A number of other Radulak now crowded the drench-master. Spit, drool, and gobs flew. Incidental misfires struck the screen again, and the Muppet returned with its squeegee, until a stray mass of phlegm engulfed its narrow, oblong head, knocking it over. The consultation ended when Bill drew out a weapon of some sort and blew off an advisor’s head.

The drench-master waved the others away and leaned forward to flare its nostrils at the screen. “We are agreed. I never said anything of the sort. It was your imagination, human. Either that, or you are lying.”

“You want us to play it all back for you, Drench-Master?”

“No! I offer you the exchange! Accept the deal or die!” It prodded Tighe with the barrel of its pistol.
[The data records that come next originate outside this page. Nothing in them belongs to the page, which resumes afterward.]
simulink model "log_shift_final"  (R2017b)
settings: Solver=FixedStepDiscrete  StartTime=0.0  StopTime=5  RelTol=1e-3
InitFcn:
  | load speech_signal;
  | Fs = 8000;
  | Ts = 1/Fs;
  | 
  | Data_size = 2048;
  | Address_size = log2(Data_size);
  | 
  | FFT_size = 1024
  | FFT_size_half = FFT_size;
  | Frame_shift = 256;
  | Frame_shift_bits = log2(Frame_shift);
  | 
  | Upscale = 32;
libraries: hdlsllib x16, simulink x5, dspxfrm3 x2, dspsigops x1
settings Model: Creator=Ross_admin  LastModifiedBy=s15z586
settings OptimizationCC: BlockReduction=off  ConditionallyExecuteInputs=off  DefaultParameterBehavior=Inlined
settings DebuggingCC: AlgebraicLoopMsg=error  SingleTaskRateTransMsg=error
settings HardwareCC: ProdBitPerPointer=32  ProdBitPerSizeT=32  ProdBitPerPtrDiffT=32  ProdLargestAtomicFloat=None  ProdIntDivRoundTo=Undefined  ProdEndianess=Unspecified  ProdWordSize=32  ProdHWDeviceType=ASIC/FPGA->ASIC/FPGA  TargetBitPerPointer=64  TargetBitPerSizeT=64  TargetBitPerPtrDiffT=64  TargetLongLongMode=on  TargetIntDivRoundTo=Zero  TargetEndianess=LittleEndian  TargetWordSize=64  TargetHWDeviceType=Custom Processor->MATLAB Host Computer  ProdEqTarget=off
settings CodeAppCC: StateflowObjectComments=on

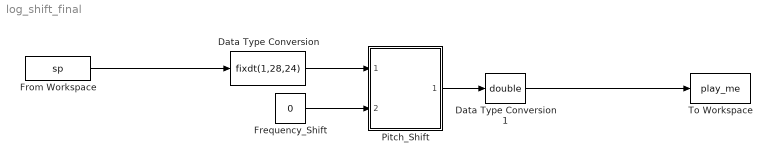
== system log_shift_final ==
  Data Type Conversion : DataTypeConversion  OutDataTypeStr=fixdt(1,28,24)
  Data Type Conversion1 : DataTypeConversion  OutDataTypeStr=double
  Frequency_Shift : Constant  Value=0  OutDataTypeStr=int16  SampleTime=Ts
  From Workspace : FromWorkspace  VariableName=sp  SampleTime=Ts
  Pitch_Shift : Subsystem
  To Workspace : ToWorkspace  VariableName=play_me  SampleTime=-1
  wires:
  Frequency_Shift/1 -> Pitch_Shift/2(Frequency_Shift)
  Pitch_Shift/1(Output) -> Data Type Conversion1/1
  Data Type Conversion/1 -> Pitch_Shift/1(Data_in)
  From Workspace/1 -> Data Type Conversion/1
  Data Type Conversion1/1 -> To Workspace/1

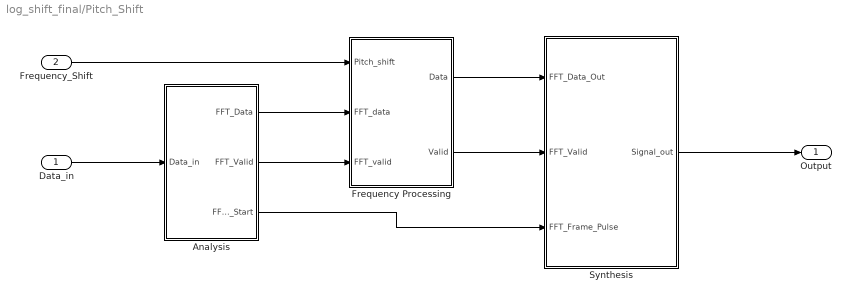
== system log_shift_final/Pitch_Shift ==
  Data_in : Inport
  Frequency_Shift : Inport  Port=2
  Analysis : Subsystem
  Frequency Processing : Subsystem
  Synthesis : Subsystem
  Output : Outport
  wires:
  Data_in/1 -> Analysis/1(Data_in)
  Analysis/3(FFT_Frame_Start) -> Synthesis/3(FFT_Frame_Pulse)
  Synthesis/1(Signal_out) -> Output/1
  Frequency_Shift/1 -> Frequency Processing/1(Pitch_shift)
  Analysis/2(FFT_Valid) -> Frequency Processing/3(FFT_valid)
  Frequency Processing/2(Valid) -> Synthesis/2(FFT_Valid)
  Analysis/1(FFT_Data) -> Frequency Processing/2(FFT_data)
  Frequency Processing/1(Data) -> Synthesis/1(FFT_Data_Out)

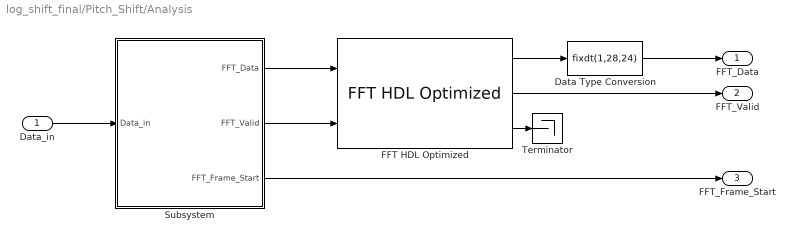
== system log_shift_final/Pitch_Shift/Analysis ==
  Data_in : Inport
  Data Type Conversion : DataTypeConversion  OutDataTypeStr=fixdt(1,28,24)
  FFT HDL Optimized : dspxfrm3/FFT HDL Optimized  FFTLength=1024  Architecture=Burst Radix 2  ComplexMultiplication=Use 4 multipliers and 2 adders  BitReversedOutput=off  BitReversedInput=off  Normalize=on  SimulateUsing=Code generation  RoundingMethod=Floor  ResetInputPort=off  StartOutputPort=off  EndOutputPort=off
      settings: SourceProductName=DSP System Toolbox  SourceProductBaseCode=DS
  Subsystem : Subsystem
  Terminator : Terminator
  FFT_Data : Outport
  FFT_Valid : Outport  Port=2
  FFT_Frame_Start : Outport  Port=3
  wires:
  Data_in/1 -> Subsystem/1(Data_in)
  Subsystem/3(FFT_Frame_Start) -> FFT_Frame_Start/1
  Subsystem/1(FFT_Data) -> FFT HDL Optimized/1
  Subsystem/2(FFT_Valid) -> FFT HDL Optimized/2
  FFT HDL Optimized/2 -> FFT_Valid/1
  FFT HDL Optimized/1 -> Data Type Conversion/1
  Data Type Conversion/1 -> FFT_Data/1
  FFT HDL Optimized/3 -> Terminator/1

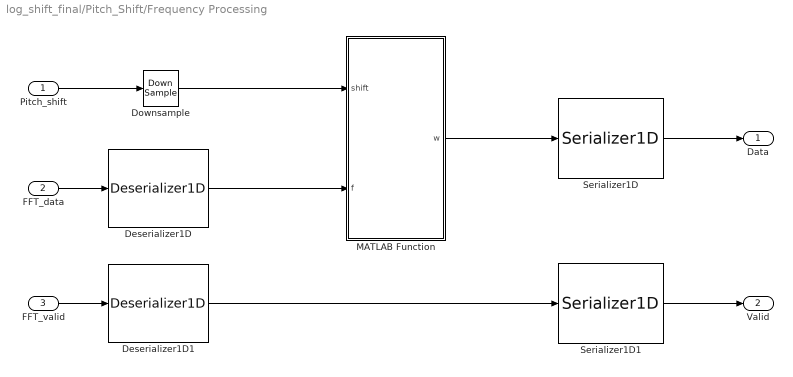
== system log_shift_final/Pitch_Shift/Frequency Processing ==
  Pitch_shift : Inport
  FFT_data : Inport  Port=2
  FFT_valid : Inport  Port=3
  Deserializer1D : hdlsllib/HDL Operations/Deserializer1D  Ratio=1024  IdleCycles=0  InitialCondition=0  startIn=off  validIn=off  validOut=off  inputDataDimensions=-1  inputSampleTime=-1  inputSignalType=auto
      settings: SourceProductName=HDL Coder  SourceProductBaseCode=HD
  Deserializer1D1 : hdlsllib/HDL Operations/Deserializer1D  Ratio=1024  IdleCycles=0  InitialCondition=0  startIn=off  validIn=off  validOut=off  inputDataDimensions=-1  inputSampleTime=-1  inputSignalType=auto
      settings: SourceProductName=HDL Coder  SourceProductBaseCode=HD
  Downsample : DownSample  N=FFT_size/Upscale  RateOptions=Allow multirate processing
  MATLAB Function : MATLAB Function  TreatAsAtomicUnit=on
  Serializer1D : hdlsllib/HDL Operations/Serializer1D  Ratio=1024  IdleCycles=0  validIn=off  startOut=off  validOut=off  inputDataDimensions=-1  inputSampleTime=-1  inputSignalType=auto
      settings: SourceProductName=HDL Coder  SourceProductBaseCode=HD
  Serializer1D1 : hdlsllib/HDL Operations/Serializer1D  Ratio=1024  IdleCycles=0  validIn=off  startOut=off  validOut=off  inputDataDimensions=-1  inputSampleTime=-1  inputSignalType=auto
      settings: SourceProductName=HDL Coder  SourceProductBaseCode=HD
  Data : Outport
  Valid : Outport  Port=2
  wires:
  FFT_valid/1 -> Deserializer1D1/1
  FFT_data/1 -> Deserializer1D/1
  Pitch_shift/1 -> Downsample/1
  Deserializer1D1/1 -> Serializer1D1/1
  Serializer1D1/1 -> Valid/1
  Serializer1D/1 -> Data/1
  Downsample/1 -> MATLAB Function/1(shift)
  Deserializer1D/1 -> MATLAB Function/2(f)
  MATLAB Function/1(w) -> Serializer1D/1

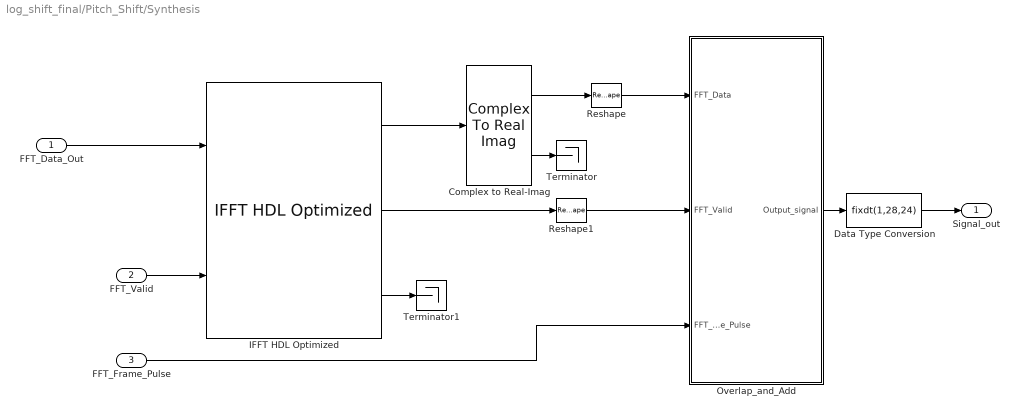
== system log_shift_final/Pitch_Shift/Synthesis ==
  FFT_Data_Out : Inport
  FFT_Valid : Inport  Port=2
  FFT_Frame_Pulse : Inport  Port=3
  Complex to Real-Imag : ComplexToRealImag
  Data Type Conversion : DataTypeConversion  OutDataTypeStr=fixdt(1,28,24)
  IFFT HDL Optimized : dspxfrm3/IFFT HDL Optimized  FFTLength=1024  Architecture=Burst Radix 2  ComplexMultiplication=Use 4 multipliers and 2 adders  BitReversedOutput=off  BitReversedInput=off  Normalize=on  SimulateUsing=Code generation  RoundingMethod=Floor  ResetInputPort=off  StartOutputPort=off  EndOutputPort=off
      settings: SourceProductName=DSP System Toolbox  SourceProductBaseCode=DS
  Overlap_and_Add : Subsystem
  Reshape : Reshape
  Reshape1 : Reshape
  Terminator : Terminator
  Terminator1 : Terminator
  Signal_out : Outport
  wires:
  FFT_Valid/1 -> IFFT HDL Optimized/2
  FFT_Data_Out/1 -> IFFT HDL Optimized/1
  IFFT HDL Optimized/1 -> Complex to Real-Imag/1
  Complex to Real-Imag/2 -> Terminator/1
  Complex to Real-Imag/1 -> Reshape/1
  IFFT HDL Optimized/3 -> Terminator1/1
  IFFT HDL Optimized/2 -> Reshape1/1
  Reshape/1 -> Overlap_and_Add/1(FFT_Data)
  Reshape1/1 -> Overlap_and_Add/2(FFT_Valid)
  FFT_Frame_Pulse/1 -> Overlap_and_Add/3(FFT_Frame_Pulse)
  Overlap_and_Add/1(Output_signal) -> Data Type Conversion/1
  Data Type Conversion/1 -> Signal_out/1

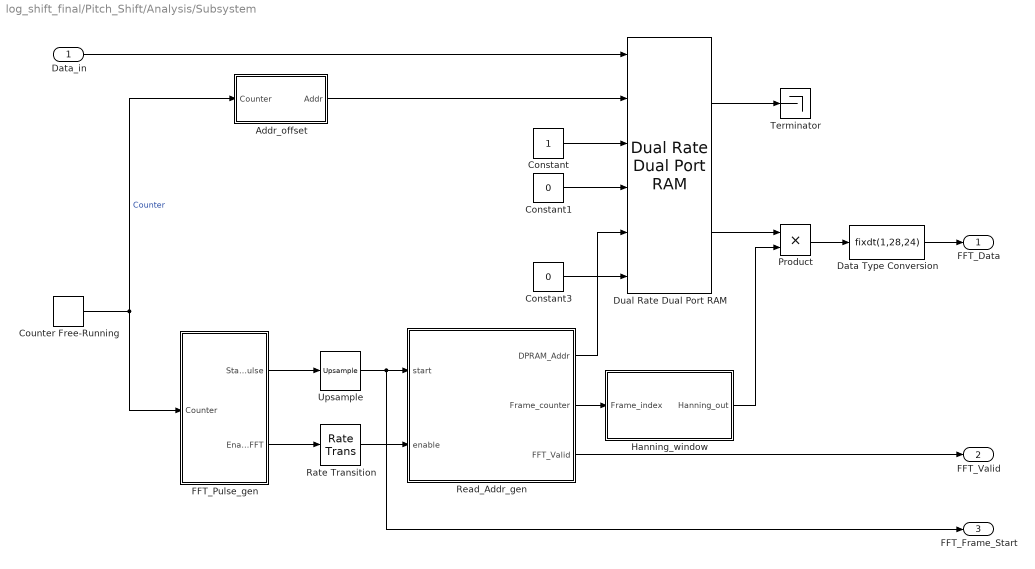
== system log_shift_final/Pitch_Shift/Analysis/Subsystem ==
  Data_in : Inport
  Addr_offset : Subsystem
  Constant : Constant  OutDataTypeStr=boolean  SampleTime=Ts
  Constant1 : Constant  Value=0  OutDataTypeStr=fixdt(1,28,24)  SampleTime=Ts/Upscale
  Constant3 : Constant  Value=0  OutDataTypeStr=boolean  SampleTime=Ts/Upscale
  Counter Free-Running : simulink/Sources/Counter Free-Running  NumBits=Address_size  tsamp=Ts
  Data Type Conversion : DataTypeConversion  OutDataTypeStr=fixdt(1,28,24)
  Dual Rate Dual Port RAM : hdlsllib/HDL RAMs/Dual Rate Dual Port RAM  ram_size=Address_size
      settings: SourceProductName=HDL Coder  SourceProductBaseCode=HD
  FFT_Pulse_gen : Subsystem
  Hanning_window : Subsystem
  Product : Product
  Rate Transition : RateTransition  OutPortSampleTimeOpt=Multiple of input port sample time  OutPortSampleTimeMultiple=1/Upscale  OutPortSampleTime=1/Upscale
  Read_Addr_gen : Subsystem
  Terminator : Terminator
  Upsample : dspsigops/Upsample  N=Upscale  phase=0  RateOptions=Allow multirate processing  ic=0  mode=Unused parameter value
  FFT_Data : Outport
  FFT_Valid : Outport  Port=2
  FFT_Frame_Start : Outport  Port=3
  wires:
  Product/1 -> Data Type Conversion/1
  Dual Rate Dual Port RAM/2 -> Product/1
  Data Type Conversion/1 -> FFT_Data/1
  Hanning_window/1(Hanning_out) -> Product/2
  Read_Addr_gen/2(Frame_counter) -> Hanning_window/1(Frame_index)
  Data_in/1 -> Dual Rate Dual Port RAM/1
  Rate Transition/1 -> Read_Addr_gen/2(enable)
  Read_Addr_gen/1(DPRAM_Addr) -> Dual Rate Dual Port RAM/5
  Counter Free-Running/1 -> Addr_offset/1(Counter), FFT_Pulse_gen/1(Counter)  "Counter"
  FFT_Pulse_gen/2(Enable_FFT) -> Rate Transition/1
  Read_Addr_gen/3(FFT_Valid) -> FFT_Valid/1
  Constant/1 -> Dual Rate Dual Port RAM/3
  Upsample/1 -> FFT_Frame_Start/1, Read_Addr_gen/1(start)
  FFT_Pulse_gen/1(Start_Pulse) -> Upsample/1
  Constant1/1 -> Dual Rate Dual Port RAM/4
  Constant3/1 -> Dual Rate Dual Port RAM/6
  Dual Rate Dual Port RAM/1 -> Terminator/1
  Addr_offset/1(Addr) -> Dual Rate Dual Port RAM/2

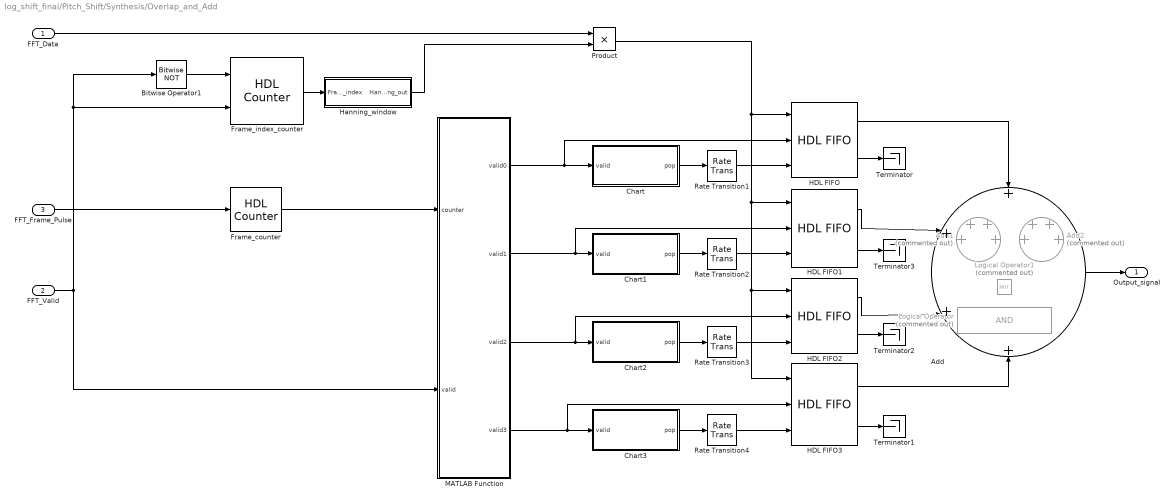
== system log_shift_final/Pitch_Shift/Synthesis/Overlap_and_Add ==
  FFT_Data : Inport
  FFT_Valid : Inport  Port=2
  FFT_Frame_Pulse : Inport  Port=3
  Add : Sum  Inputs=++++
  Add1 : Sum  Commented=on  Inputs=++++
  Add2 : Sum  Commented=on  Inputs=++++
  Bitwise Operator1 : simulink/Logic and Bit Operations/Bitwise Operator  logicop=NOT  UseBitMask=off  BitMask=bin2dec('11011001')  BitMaskRealWorld=Stored Integer
  Chart : Stateflow chart  TreatAsAtomicUnit=on
  Chart1 : Stateflow chart  TreatAsAtomicUnit=on
  Chart2 : Stateflow chart  TreatAsAtomicUnit=on
  Chart3 : Stateflow chart  TreatAsAtomicUnit=on
  Frame_counter : hdlsllib/Sources/HDL Counter  CountType=Free running  CountInit=2  CountStep=1  CountMax=25  CountFromType=Initial value  CountFrom=2  CountResetPort=off  CountLoadPort=off  CountEnbPort=on  CountDirPort=off  CountDataType=Unsigned  CountWordLen=2  CountFracLen=0  CountSampTime=1
      settings: SourceProductBaseCode=HD
  Frame_index_counter : hdlsllib/Sources/HDL Counter  CountType=Count limited  CountInit=0  CountStep=1  CountMax=FFT_size  CountFromType=Initial value  CountFrom=0  CountResetPort=on  CountLoadPort=off  CountEnbPort=on  CountDirPort=off  CountDataType=Unsigned  CountWordLen=Address_size  CountFracLen=0  CountSampTime=1
      settings: SourceProductBaseCode=HD
  HDL FIFO{,1..3} (4 alike) : hdlsllib/HDL RAMs/HDL FIFO  fifo_size=FFT_size  ratio=Upscale  push_msg=Warning  pop_msg=Warning  show_empty=off  show_full=on  show_num=off
      settings: SourceProductName=HDL Coder  SourceProductBaseCode=HD
  Hanning_window : Subsystem
  Logical Operator : Logic  Commented=on  IconShape=distinctive  AllPortsSameDT=off  OutDataTypeStr=boolean
  Logical Operator1 : Logic  Commented=on  Operator=NOT  IconShape=distinctive  AllPortsSameDT=off  OutDataTypeStr=boolean
  MATLAB Function : MATLAB Function  TreatAsAtomicUnit=on
  Product : Product
  Rate Transition{1..4} (4 alike) : RateTransition  OutPortSampleTimeOpt=Multiple of input port sample time  OutPortSampleTimeMultiple=Upscale  OutPortSampleTime=1/Upscale
  Terminator{,1..3} (4 alike) : Terminator
  Output_signal : Outport
  wires:
  Bitwise Operator1/1 -> Frame_index_counter/1
  FFT_Data/1 -> Product/1
  Frame_index_counter/1 -> Hanning_window/1(Frame_index)
  Hanning_window/1(Hanning_out) -> Product/2
  FFT_Valid/1 -> Frame_index_counter/2, Bitwise Operator1/1, MATLAB Function/2(valid)
  HDL FIFO1/1 -> Add/2
  HDL FIFO2/1 -> Add/3
  HDL FIFO3/1 -> Add/4
  HDL FIFO/1 -> Add/1
  Frame_counter/1 -> MATLAB Function/1(counter)
  MATLAB Function/1(valid0) -> HDL FIFO/2, Chart/1(valid)
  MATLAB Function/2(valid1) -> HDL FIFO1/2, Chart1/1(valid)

She lifted her sodden, slathered face. “C-Captain! Please! Save me!”

Hands reached out and dragged the adjutant away.

“Drench-Master, what’s your beef with Tammy Wynette?”

“Beef?”

“Bone to pick, then.”

“Bone to pick?”

“Why’s Tammy up your ass?”

The Radulak pounded a fist on the arm of its throne. “Horrible hunting mind-set! You humans are terrible creatures! We should all gang up and destroy every one of you!”

“Oh come now, Dren—hold on, we don’t hunt up anyone’s ass. Anyway, do calm down, will you? We need to consult on this end, in private.”

“You need to concoct lies and deceits and betrayals, is what you mean.”

Hadrian turned to Polaski and gestured. The man stared, flinched, and then frantically cut transmission.

Settling back in his chair, Hadrian said, “Tammy?”

“What?”

“Why do the Radulak want your head? What did you do to them?”

“None of this is relevant, Captain. I refuse to be extracted and sent over to the Radulak. Sad to say, it would be wise to write off poor Lorrin Tighe right now. I have primed the Dimple Beam—”

“Not a chance! Belay that!”

“I’m not going!”

“That’s fine. I wouldn’t have done that even if I knew how. Relax, will you? Galk!”

“Captain?”

“Head down to Deck Twenty and rig up a stealthed antimatter bomb and put it inside a cargo crate. Have the ignition linked to two seconds postdisplacement and/or resumption of gravity. Got that, Galk?”

“My pleasure, sir.”

“Inform me when it’s ready to send across. All right, Polaski, resume the feed.”